Many customer satisfaction theories in the literature exist: anticipation-disconfirmation, absorption, comparability, absorption-comparability, fairness, achievement, comparison- level, generalized negativism, and value-recognition (Oh & Parks, 1997). The Anticipation-Disconfirmation Paradigm (ADP) is most frequently used in research on satisfaction. The ADP focuses on the perceiver’s comparison between anticipated and real experiences, which can have three results: confirmation, positive disconfirmation, or negative disconfirmation (Oliver, 1980). In the tourism context, the first and second results mean that the visitor is satisfied with the travel experience, whereas negative disconfirmation means that the visitor is unsatisfied. Although ADP is a generally accepted model, the inclusion of expectations in the satisfaction scale remains disputed. The ADP assumes that people have firm expectations before going to a destination because without prior anticipation, tourists cannot experience confirmation or disconfirmation (Yüksel & Yüksel, 2001). Brucks, Zeithaml, and Naylor (2000) argued that this hypothesis is not suitable for the travel context, as travel products are based more on experience and trust attributes than on search attributes.

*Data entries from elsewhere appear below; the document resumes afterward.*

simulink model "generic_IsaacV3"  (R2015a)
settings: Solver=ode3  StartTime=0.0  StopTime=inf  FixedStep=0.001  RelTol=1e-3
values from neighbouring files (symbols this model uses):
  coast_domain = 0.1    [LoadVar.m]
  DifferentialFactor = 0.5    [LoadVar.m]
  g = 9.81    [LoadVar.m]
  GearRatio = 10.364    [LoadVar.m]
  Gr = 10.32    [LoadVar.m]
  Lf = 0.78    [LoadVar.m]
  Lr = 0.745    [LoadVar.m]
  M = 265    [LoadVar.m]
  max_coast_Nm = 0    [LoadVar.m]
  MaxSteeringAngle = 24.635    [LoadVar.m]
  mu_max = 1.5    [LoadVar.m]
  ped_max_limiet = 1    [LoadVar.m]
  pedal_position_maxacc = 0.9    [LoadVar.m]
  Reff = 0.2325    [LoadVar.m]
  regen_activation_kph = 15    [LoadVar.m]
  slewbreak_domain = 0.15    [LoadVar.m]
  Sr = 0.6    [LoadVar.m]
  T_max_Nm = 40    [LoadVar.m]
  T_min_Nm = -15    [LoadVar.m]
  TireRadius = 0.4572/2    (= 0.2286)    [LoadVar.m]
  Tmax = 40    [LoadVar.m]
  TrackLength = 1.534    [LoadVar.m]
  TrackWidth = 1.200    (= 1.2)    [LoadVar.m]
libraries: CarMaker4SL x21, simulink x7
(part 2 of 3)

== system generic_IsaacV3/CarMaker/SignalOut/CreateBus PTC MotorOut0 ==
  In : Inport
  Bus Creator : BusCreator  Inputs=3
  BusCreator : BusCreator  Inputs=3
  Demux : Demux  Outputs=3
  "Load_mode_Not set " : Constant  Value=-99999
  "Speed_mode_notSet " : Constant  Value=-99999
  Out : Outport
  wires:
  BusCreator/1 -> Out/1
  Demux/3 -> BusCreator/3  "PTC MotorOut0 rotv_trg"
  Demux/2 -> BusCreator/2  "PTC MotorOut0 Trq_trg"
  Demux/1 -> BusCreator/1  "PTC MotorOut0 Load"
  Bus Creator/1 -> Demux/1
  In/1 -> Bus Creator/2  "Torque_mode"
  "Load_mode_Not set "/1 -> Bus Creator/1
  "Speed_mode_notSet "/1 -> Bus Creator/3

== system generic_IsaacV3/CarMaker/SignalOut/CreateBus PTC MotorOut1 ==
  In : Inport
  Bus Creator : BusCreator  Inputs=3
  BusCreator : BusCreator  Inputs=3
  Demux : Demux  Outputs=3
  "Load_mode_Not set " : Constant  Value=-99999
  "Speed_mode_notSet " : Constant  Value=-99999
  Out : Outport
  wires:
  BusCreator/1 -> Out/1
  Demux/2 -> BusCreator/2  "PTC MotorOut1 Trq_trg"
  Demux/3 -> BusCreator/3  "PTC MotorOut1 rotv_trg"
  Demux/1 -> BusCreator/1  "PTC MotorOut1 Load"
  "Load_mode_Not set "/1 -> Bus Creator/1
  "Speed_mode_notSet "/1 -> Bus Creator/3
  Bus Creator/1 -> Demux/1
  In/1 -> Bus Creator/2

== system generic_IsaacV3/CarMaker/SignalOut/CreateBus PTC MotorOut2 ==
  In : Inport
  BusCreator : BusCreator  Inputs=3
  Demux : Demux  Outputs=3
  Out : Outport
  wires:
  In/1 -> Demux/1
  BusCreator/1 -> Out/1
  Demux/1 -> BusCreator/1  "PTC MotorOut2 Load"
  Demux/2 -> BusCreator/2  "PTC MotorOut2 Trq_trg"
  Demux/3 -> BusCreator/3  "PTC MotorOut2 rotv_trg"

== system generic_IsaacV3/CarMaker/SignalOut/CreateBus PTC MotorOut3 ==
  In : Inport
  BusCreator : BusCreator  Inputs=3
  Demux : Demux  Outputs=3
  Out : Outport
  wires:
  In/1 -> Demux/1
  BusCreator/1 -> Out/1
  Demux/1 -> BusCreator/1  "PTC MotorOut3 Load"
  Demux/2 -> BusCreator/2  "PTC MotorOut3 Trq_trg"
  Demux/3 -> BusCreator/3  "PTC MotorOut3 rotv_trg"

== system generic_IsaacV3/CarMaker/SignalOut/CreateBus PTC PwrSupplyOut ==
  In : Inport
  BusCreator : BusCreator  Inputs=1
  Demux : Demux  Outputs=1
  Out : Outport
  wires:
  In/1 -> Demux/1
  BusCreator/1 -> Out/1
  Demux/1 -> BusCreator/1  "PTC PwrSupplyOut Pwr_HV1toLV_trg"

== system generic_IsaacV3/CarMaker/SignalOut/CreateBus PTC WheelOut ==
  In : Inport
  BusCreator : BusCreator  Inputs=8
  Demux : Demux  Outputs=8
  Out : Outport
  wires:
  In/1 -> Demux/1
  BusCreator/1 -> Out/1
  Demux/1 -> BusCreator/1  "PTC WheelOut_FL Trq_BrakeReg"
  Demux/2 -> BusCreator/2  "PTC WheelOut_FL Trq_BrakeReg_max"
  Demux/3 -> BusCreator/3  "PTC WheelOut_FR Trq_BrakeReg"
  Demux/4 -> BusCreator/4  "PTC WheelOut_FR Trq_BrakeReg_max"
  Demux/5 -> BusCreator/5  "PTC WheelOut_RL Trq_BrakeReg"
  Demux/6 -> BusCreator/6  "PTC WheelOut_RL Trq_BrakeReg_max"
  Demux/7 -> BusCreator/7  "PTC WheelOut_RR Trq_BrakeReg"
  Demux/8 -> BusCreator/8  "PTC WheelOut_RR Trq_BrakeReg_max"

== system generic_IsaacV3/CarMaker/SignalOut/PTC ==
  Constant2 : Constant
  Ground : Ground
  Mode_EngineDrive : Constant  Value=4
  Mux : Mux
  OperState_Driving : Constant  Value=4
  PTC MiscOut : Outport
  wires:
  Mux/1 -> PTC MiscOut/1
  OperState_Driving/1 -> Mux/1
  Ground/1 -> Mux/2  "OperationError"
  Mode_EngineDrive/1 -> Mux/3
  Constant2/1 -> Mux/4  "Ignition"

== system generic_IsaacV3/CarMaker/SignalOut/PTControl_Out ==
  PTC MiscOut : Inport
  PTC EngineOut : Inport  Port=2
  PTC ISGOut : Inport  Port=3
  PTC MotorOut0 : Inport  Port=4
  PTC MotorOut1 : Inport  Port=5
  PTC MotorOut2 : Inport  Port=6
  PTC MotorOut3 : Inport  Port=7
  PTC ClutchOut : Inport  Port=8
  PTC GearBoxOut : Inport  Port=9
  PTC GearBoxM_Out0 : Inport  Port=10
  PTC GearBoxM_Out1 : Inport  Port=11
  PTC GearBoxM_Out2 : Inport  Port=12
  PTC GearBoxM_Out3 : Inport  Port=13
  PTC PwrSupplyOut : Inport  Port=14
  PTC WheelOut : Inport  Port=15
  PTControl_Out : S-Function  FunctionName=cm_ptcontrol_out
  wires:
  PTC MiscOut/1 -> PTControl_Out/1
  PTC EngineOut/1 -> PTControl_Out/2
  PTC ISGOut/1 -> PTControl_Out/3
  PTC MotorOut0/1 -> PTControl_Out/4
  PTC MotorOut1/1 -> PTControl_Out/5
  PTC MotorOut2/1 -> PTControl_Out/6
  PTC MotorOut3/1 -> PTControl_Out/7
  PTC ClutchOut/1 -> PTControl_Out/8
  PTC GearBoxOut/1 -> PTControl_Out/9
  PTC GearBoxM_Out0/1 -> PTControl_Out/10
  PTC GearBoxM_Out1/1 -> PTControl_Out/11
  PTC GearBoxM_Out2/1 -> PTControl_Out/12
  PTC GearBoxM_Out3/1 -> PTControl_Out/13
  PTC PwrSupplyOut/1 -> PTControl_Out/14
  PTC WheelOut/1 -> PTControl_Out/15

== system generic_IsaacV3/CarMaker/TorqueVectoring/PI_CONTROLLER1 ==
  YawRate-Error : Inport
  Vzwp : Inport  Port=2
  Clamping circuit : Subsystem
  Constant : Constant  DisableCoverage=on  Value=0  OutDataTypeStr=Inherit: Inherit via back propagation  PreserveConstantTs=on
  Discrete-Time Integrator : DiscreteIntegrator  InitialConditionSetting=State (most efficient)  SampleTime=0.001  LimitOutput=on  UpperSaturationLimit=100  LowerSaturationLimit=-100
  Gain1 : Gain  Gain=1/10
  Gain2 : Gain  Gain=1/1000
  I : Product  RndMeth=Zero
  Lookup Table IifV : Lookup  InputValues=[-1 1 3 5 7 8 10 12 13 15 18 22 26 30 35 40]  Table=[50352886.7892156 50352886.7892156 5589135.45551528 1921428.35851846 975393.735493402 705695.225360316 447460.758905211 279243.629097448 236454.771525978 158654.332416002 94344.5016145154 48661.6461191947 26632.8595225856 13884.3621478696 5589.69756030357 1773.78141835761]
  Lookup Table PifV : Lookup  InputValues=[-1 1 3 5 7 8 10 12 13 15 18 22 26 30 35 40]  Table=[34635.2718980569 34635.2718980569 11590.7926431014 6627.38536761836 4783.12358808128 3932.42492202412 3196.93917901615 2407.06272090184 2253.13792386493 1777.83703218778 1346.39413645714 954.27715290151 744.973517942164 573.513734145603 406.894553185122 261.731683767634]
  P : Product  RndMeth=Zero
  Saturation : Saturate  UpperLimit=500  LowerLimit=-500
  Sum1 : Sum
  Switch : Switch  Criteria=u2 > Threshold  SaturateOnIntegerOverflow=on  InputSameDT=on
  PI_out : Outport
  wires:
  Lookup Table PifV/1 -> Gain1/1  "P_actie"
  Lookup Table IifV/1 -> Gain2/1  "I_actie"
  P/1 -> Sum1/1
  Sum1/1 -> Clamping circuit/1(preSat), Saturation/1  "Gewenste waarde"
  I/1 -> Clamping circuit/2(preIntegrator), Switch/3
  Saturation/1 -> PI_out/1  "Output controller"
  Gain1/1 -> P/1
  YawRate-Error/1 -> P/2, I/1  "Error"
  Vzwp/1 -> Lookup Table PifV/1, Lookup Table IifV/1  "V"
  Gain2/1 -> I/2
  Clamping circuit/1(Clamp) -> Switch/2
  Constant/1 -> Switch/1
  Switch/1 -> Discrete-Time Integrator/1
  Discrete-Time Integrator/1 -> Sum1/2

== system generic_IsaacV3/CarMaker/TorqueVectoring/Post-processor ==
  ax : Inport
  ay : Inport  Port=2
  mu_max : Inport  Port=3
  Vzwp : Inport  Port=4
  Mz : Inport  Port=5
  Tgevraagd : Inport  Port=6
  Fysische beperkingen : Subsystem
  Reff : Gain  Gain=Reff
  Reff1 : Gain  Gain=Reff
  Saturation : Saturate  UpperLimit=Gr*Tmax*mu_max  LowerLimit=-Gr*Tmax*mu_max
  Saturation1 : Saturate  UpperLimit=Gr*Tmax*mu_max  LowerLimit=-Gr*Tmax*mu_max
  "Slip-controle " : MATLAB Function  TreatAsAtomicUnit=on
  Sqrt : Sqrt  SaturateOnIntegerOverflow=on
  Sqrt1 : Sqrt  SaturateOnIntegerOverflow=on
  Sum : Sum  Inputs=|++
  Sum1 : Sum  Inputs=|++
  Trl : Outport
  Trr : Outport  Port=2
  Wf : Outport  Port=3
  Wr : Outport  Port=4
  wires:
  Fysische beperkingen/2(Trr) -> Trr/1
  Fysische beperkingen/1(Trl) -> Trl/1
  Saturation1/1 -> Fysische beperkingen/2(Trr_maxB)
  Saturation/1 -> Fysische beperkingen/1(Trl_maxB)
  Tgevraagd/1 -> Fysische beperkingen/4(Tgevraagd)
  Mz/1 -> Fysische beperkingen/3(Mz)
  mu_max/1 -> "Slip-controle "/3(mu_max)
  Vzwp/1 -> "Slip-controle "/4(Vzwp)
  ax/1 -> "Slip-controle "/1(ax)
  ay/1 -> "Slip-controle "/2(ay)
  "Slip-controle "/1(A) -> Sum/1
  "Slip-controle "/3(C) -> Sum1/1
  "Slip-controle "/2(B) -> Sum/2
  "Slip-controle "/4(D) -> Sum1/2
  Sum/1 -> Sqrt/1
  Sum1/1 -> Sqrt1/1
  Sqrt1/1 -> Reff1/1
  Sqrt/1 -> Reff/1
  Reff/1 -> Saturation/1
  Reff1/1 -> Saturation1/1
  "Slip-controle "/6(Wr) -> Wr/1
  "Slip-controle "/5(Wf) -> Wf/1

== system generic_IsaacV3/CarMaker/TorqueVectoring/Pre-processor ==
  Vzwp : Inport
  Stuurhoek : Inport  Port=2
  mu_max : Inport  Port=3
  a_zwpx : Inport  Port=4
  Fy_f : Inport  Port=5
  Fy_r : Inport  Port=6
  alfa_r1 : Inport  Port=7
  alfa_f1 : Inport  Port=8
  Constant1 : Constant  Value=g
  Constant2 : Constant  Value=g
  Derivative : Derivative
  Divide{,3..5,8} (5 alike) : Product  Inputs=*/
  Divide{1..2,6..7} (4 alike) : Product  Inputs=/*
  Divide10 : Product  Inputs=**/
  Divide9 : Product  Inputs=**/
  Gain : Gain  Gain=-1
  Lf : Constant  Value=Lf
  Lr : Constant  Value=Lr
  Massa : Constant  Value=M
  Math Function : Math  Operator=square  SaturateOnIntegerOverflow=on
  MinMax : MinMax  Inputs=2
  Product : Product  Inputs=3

While many studies involving satisfaction relate to tourism context, some scholars have also turned their attention to museums. Sulkaisi and Idris (2020) demonstrate the relationship of overall visitor satisfaction, service quality, and loyalty by applying data collected from the Adityawarman Museum. Visitors may not have many expectations of museums, as they visit them infrequently. In addition, by establishing the dimensions of service quality and using the multilevel model as the framework, Wu and Li (2015) consider Macau Museum visitors as research objects for further exploring the influence of service quality on emotions. The behavioral intention generated by the influence of comprehensive emotion and service quality on visitor satisfaction are also illustrated. Vesci, Conti, Rossato, and Castellani (2020) examined the mediating effect of satisfaction by studying the relationship between museum visitor quality of experience and WOM behavior in the Italian Museum. Siu, Zhang, Dong, and Kwan (2013) proposed the importance of new service bonds as well as its connections with customer value, which further influences the sustainable development of the museum industry.

2.3 Perceived quality

Because of rapid social and economic development, the concept of ‘quality” has continued to be enriched, improved, and widened. Quality can be defined as the degree to which an object’s the intrinsic features meet the user’s requirements. The idea of service quality has prompted extensive research, such as the application of the evaluation tool SERVQUAL, which was introduced in the 1980s (Parasuraman, Zeithaml, & Berry, 1988). SERVQUAL evaluates five service quality levels: tangibles, reliability, responsiveness, assurance, and empathy, with a set of questions for each level. Survey respondents answer each question in terms of expectations, true feelings, and minimum acceptance. Recent research shows that SERVQUAL can predict service quality and suggest development initiatives. Since its development, experts and scholars in the service and tourism industries have widely used it (Armstrong, Mok, Go, & Chan, 1997; Atilgan, Akinci, & Aksoy, 2003; Hui, Wan, & Ho, 2007; Hsieh, Lin, & Lin, 2008). Lee, Petrick, Crompton (2007) highlighted that the service quality of a group can better predict the behavioral intention of tourists than the notion of quality as simply overall advantage or superiority. Perceived quality commonly refers to consumers’ comprehensive experience of the advantages of a brand compared with comparable goods and determines the influence assessment ratio of the brand. Perceived quality is also associated with brand perception. If the original product is popular among consumers, accepting derivative products is easier for them. Consumers’ involvement and experience should be prioritized to improve product perception. For the service industry, Gronroos (1982) proposes the customer perceived service quality model to define customers’ evaluation of service quality, wherein consumers compare their authentic feelings and expectations towards a service. If expectations are satisfied, their feelings are positive, and vice versa. Gotlieb, Grewal, and Brown (1994) considered models from different causative perspectives and found that service quality can affect satisfaction level and that the latter also influences consumers/visitors’ willingness (Taylor & Baker, 1994).

2.4 Conative loyalty

Copeland was the first to introduce the notion of loyalty into tourism studies in 1923 (Sun, Chi, & Xu, 2013). However, loyalty remains a frequent subject of debate among scholars (Kim & Brown, 2012; Weaver & Lawton, 2011) and is considered a significant indicator of the prosperity of the tourism industry. A loyal attitude means that an individual wishes to keep developing a connection with a service or product supplier, whereas loyal behavior is a person’s sustained support of a place or product (Morais & Lin, 2010). In the context of museum, the relationship between the loyalty formation process and the internal and external dimensions of the physical environment are proposed by Han and Hyun (2019) in museum research and demonstrates the mediating role of museum visitors’ cognition, evaluation, and motivation factors.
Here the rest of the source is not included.